Please write out the lines of the data exactly, beginning with the first and ending with the line containing "line L15 (-15, 0) -> (0, 0) construction"; leave the pictures behind.

# # # # #

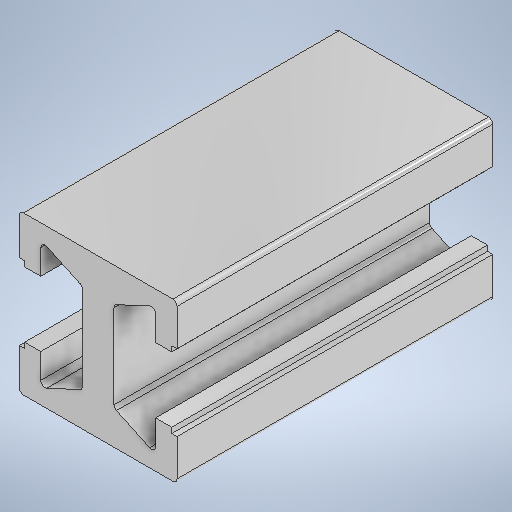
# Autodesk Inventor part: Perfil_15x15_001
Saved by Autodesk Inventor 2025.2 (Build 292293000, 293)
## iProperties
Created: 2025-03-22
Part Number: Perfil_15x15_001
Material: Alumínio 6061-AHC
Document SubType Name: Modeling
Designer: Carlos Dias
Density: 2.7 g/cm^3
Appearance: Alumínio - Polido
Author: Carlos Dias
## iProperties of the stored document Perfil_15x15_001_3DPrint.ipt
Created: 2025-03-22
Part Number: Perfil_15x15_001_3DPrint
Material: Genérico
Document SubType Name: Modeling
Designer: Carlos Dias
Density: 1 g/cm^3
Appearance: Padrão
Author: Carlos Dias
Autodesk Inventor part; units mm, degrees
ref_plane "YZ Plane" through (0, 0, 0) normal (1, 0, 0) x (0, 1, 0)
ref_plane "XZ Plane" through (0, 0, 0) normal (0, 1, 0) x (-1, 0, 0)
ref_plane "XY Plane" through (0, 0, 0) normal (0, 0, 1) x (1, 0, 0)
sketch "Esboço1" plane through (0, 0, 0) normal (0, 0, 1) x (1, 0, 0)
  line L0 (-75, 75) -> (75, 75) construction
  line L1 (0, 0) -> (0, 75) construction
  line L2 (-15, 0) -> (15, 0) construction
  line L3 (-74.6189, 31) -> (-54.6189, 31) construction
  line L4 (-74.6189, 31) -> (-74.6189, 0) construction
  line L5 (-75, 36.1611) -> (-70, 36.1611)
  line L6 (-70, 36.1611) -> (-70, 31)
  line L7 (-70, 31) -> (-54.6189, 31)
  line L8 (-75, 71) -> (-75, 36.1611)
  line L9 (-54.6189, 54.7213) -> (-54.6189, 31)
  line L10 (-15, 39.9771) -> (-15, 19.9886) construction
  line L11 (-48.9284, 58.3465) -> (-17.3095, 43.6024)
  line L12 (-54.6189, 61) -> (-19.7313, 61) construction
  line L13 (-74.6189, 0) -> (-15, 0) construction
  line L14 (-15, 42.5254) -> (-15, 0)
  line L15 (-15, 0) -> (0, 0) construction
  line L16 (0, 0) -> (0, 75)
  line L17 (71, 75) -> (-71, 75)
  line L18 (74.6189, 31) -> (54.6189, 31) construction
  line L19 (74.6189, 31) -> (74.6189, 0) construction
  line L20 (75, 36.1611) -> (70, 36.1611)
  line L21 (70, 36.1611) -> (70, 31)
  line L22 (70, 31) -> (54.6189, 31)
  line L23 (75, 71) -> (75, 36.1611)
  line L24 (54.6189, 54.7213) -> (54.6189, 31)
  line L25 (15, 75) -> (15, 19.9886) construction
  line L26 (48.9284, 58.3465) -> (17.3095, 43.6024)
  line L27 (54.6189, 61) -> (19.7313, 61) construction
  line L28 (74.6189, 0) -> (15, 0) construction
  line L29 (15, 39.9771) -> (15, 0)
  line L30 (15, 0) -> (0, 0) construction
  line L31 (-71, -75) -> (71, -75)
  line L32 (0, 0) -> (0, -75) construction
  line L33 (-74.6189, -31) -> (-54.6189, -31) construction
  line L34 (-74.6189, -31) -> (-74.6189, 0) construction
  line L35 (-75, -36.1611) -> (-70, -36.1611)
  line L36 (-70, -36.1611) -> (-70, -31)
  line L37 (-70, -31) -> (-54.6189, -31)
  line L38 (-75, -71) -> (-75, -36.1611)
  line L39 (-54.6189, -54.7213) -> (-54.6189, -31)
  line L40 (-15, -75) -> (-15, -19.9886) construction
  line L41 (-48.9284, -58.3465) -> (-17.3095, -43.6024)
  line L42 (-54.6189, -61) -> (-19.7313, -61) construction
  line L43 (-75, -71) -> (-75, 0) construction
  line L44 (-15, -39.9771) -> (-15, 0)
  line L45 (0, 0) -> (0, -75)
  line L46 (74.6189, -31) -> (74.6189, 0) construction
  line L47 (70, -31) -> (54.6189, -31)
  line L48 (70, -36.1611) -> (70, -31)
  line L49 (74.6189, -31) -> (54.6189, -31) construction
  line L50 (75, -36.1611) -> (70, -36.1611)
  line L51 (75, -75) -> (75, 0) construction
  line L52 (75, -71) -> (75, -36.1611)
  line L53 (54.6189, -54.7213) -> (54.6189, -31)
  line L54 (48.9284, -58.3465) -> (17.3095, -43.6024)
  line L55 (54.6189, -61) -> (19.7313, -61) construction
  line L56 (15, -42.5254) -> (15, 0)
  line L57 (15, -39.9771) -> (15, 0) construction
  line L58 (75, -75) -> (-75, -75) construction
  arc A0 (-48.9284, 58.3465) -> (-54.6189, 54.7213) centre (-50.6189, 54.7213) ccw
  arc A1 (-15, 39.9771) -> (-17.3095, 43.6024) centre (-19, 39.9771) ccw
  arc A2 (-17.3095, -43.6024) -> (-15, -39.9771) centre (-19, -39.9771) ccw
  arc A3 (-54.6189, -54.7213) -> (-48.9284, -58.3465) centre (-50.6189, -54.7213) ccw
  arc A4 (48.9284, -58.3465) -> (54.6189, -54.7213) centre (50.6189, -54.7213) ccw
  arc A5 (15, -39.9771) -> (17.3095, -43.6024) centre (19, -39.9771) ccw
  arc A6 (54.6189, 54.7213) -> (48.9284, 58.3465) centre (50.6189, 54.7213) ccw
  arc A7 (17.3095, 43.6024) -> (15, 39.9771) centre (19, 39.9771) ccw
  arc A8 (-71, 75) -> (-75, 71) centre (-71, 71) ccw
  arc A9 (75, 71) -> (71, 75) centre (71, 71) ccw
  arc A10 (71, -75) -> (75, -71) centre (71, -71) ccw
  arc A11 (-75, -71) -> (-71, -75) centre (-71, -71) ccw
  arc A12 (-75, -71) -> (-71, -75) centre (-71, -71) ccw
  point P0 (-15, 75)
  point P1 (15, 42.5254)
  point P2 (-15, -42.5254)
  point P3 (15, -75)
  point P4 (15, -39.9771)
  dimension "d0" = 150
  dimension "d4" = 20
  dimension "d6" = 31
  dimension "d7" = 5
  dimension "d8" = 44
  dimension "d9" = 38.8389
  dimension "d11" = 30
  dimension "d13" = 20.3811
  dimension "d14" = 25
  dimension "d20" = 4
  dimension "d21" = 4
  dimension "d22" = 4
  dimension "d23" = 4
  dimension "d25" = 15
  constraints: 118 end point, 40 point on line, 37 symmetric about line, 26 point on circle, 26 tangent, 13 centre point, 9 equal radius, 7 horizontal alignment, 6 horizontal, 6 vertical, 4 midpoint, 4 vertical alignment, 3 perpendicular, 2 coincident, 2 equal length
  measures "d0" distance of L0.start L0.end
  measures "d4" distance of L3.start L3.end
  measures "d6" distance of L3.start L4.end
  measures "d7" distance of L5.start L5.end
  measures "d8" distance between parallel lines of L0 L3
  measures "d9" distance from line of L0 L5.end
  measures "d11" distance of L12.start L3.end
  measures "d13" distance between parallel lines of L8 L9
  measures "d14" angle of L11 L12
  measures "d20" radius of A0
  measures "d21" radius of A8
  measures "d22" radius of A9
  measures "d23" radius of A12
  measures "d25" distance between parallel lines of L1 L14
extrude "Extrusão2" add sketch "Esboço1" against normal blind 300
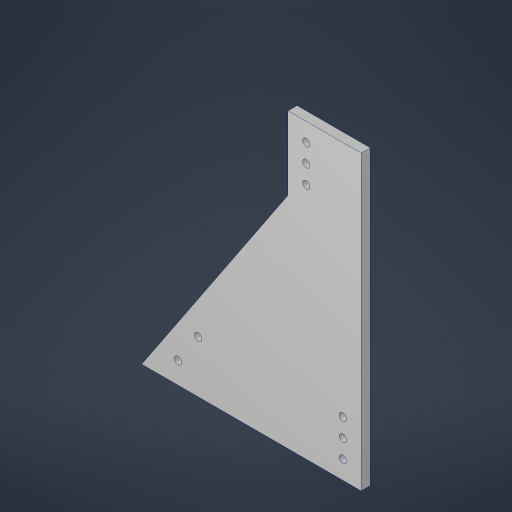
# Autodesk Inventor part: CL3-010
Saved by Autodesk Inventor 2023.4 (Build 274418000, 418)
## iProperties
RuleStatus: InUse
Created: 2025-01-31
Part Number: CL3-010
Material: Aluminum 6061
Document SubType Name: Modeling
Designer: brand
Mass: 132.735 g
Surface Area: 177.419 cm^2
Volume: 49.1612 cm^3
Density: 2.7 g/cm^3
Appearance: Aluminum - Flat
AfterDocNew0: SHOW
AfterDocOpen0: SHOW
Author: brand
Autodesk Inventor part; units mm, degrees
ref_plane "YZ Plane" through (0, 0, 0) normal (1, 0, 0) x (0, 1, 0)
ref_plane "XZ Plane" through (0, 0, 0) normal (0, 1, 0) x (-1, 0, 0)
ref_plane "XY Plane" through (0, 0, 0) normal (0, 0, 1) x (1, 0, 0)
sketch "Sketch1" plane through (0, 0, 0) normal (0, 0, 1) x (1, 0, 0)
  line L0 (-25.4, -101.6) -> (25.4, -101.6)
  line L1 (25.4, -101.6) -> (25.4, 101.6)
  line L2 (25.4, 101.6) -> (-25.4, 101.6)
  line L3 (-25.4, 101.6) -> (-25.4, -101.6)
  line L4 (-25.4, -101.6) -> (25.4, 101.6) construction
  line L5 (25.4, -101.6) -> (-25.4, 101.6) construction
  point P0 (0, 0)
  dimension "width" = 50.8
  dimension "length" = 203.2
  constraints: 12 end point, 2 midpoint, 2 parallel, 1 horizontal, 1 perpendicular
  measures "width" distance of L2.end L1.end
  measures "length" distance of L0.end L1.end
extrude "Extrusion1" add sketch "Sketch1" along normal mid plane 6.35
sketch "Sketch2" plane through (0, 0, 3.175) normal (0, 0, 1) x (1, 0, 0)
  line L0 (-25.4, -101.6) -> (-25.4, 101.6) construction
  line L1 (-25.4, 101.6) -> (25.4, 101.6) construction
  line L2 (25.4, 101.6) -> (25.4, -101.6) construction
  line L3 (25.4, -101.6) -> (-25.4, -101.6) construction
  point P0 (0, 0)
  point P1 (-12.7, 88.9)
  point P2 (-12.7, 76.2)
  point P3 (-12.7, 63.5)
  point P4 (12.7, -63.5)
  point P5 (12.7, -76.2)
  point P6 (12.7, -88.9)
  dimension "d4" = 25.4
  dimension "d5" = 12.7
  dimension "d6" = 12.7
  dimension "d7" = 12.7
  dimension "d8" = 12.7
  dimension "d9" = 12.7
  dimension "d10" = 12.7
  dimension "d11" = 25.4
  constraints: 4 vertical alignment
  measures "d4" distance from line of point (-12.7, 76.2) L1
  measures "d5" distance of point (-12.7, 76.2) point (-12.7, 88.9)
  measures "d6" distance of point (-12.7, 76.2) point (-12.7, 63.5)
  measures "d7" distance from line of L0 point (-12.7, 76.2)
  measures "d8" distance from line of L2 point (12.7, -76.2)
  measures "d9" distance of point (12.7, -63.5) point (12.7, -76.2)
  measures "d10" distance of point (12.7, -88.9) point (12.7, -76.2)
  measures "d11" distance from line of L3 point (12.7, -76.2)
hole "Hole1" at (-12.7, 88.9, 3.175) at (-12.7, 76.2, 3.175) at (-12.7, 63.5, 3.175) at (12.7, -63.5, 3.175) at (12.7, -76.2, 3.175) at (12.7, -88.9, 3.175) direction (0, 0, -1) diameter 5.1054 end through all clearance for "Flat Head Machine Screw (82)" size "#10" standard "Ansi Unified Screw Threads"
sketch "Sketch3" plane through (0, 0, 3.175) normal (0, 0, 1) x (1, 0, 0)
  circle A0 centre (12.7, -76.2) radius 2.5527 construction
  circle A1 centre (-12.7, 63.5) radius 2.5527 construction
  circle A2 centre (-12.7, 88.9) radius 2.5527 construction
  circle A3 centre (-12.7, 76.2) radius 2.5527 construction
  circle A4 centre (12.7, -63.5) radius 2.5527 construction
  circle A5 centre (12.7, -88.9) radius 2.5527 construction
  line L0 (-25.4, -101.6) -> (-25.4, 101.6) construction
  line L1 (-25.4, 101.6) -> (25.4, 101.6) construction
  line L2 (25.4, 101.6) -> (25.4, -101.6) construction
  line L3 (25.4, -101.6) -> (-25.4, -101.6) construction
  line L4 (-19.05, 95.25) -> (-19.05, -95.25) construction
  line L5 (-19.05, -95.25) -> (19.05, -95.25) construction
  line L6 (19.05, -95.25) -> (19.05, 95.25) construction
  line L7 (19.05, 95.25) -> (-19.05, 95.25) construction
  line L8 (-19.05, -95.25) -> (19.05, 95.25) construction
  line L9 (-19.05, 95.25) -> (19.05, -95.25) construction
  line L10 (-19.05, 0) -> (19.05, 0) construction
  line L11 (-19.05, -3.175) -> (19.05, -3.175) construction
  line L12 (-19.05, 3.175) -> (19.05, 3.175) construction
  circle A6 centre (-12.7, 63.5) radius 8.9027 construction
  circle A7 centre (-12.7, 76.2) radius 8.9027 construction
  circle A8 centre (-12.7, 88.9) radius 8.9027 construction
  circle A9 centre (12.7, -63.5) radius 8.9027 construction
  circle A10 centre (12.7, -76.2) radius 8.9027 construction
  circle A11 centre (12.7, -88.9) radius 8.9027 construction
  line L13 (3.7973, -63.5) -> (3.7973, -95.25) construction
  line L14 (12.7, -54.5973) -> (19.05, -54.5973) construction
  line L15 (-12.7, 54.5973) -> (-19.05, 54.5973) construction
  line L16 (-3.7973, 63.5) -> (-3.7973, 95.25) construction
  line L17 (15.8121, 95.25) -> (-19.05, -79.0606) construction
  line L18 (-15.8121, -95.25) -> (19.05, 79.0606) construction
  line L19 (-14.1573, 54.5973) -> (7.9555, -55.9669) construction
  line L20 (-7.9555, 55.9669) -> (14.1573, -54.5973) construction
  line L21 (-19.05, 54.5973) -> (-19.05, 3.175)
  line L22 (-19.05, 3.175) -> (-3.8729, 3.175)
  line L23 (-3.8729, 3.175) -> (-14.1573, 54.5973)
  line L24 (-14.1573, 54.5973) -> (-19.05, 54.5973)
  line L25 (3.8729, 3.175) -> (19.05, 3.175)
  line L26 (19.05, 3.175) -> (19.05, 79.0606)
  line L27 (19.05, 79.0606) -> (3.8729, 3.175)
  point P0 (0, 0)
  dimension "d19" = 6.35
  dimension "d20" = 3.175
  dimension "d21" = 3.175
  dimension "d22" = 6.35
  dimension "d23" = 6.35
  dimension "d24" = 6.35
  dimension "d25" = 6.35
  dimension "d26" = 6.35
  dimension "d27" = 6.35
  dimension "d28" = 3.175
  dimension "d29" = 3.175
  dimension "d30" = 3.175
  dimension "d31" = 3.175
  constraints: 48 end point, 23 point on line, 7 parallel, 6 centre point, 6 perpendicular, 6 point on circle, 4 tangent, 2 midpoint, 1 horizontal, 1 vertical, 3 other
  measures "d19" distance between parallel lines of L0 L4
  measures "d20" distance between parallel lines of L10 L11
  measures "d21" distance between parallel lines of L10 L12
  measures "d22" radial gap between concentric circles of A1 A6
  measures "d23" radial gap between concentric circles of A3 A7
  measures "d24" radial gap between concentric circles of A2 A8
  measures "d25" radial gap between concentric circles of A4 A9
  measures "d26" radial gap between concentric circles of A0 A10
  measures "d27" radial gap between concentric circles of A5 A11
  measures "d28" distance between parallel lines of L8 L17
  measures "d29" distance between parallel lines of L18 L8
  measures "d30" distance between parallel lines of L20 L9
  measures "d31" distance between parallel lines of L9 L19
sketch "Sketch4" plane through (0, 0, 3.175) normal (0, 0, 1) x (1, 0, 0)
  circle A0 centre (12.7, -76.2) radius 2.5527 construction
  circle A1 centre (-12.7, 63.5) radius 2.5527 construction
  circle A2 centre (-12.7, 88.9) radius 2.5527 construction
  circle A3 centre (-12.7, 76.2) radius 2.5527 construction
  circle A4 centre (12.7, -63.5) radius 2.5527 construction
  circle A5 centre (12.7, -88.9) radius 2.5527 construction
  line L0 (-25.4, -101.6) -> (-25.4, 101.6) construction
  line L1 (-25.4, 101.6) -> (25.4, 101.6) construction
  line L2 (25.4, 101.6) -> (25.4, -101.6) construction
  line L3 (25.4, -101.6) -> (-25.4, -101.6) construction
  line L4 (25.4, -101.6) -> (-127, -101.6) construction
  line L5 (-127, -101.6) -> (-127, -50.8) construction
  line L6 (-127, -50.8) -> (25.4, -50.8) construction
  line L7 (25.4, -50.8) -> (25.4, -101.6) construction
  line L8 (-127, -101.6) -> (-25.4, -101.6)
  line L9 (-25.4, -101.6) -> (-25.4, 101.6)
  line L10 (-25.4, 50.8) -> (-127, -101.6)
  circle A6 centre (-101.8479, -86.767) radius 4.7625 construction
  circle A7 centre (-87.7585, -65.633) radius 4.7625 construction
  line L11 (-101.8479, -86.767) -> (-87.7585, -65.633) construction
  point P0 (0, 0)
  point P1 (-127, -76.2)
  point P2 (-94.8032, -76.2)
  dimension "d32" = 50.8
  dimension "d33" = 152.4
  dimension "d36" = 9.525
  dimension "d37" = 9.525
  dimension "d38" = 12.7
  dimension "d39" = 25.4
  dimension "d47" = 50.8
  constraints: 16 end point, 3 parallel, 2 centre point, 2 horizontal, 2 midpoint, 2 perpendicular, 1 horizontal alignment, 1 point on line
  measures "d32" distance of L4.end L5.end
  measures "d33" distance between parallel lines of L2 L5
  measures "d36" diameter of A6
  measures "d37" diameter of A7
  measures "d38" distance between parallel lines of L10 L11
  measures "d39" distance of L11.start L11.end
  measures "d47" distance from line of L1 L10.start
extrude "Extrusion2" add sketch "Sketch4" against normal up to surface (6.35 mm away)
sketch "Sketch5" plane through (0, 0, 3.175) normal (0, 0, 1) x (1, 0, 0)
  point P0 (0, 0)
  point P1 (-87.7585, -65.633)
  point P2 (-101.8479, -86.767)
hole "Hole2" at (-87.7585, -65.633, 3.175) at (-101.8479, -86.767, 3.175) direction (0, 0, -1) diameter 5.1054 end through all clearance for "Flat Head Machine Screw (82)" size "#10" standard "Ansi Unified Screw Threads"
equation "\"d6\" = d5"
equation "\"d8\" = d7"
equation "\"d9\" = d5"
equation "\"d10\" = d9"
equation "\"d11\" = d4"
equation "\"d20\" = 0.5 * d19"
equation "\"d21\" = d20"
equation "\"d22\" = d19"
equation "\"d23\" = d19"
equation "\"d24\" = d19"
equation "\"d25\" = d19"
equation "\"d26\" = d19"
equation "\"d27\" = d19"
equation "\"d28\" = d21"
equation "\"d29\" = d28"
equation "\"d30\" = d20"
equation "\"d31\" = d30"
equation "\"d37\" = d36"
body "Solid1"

# # # # #

=== Result for this exercise ===
# Autodesk Inventor part: Perfil_15x15_001
Saved by Autodesk Inventor 2025.2 (Build 292293000, 293)
## iProperties
Created: 2025-03-22
Part Number: Perfil_15x15_001
Material: Alumínio 6061-AHC
Document SubType Name: Modeling
Designer: Carlos Dias
Density: 2.7 g/cm^3
Appearance: Alumínio - Polido
Author: Carlos Dias
## iProperties of the stored document Perfil_15x15_001_3DPrint.ipt
Created: 2025-03-22
Part Number: Perfil_15x15_001_3DPrint
Material: Genérico
Document SubType Name: Modeling
Designer: Carlos Dias
Density: 1 g/cm^3
Appearance: Padrão
Author: Carlos Dias
Autodesk Inventor part; units mm, degrees
ref_plane "YZ Plane" through (0, 0, 0) normal (1, 0, 0) x (0, 1, 0)
ref_plane "XZ Plane" through (0, 0, 0) normal (0, 1, 0) x (-1, 0, 0)
ref_plane "XY Plane" through (0, 0, 0) normal (0, 0, 1) x (1, 0, 0)
sketch "Esboço1" plane through (0, 0, 0) normal (0, 0, 1) x (1, 0, 0)
  line L0 (-75, 75) -> (75, 75) construction
  line L1 (0, 0) -> (0, 75) construction
  line L2 (-15, 0) -> (15, 0) construction
  line L3 (-74.6189, 31) -> (-54.6189, 31) construction
  line L4 (-74.6189, 31) -> (-74.6189, 0) construction
  line L5 (-75, 36.1611) -> (-70, 36.1611)
  line L6 (-70, 36.1611) -> (-70, 31)
  line L7 (-70, 31) -> (-54.6189, 31)
  line L8 (-75, 71) -> (-75, 36.1611)
  line L9 (-54.6189, 54.7213) -> (-54.6189, 31)
  line L10 (-15, 39.9771) -> (-15, 19.9886) construction
  line L11 (-48.9284, 58.3465) -> (-17.3095, 43.6024)
  line L12 (-54.6189, 61) -> (-19.7313, 61) construction
  line L13 (-74.6189, 0) -> (-15, 0) construction
  line L14 (-15, 42.5254) -> (-15, 0)
  line L15 (-15, 0) -> (0, 0) construction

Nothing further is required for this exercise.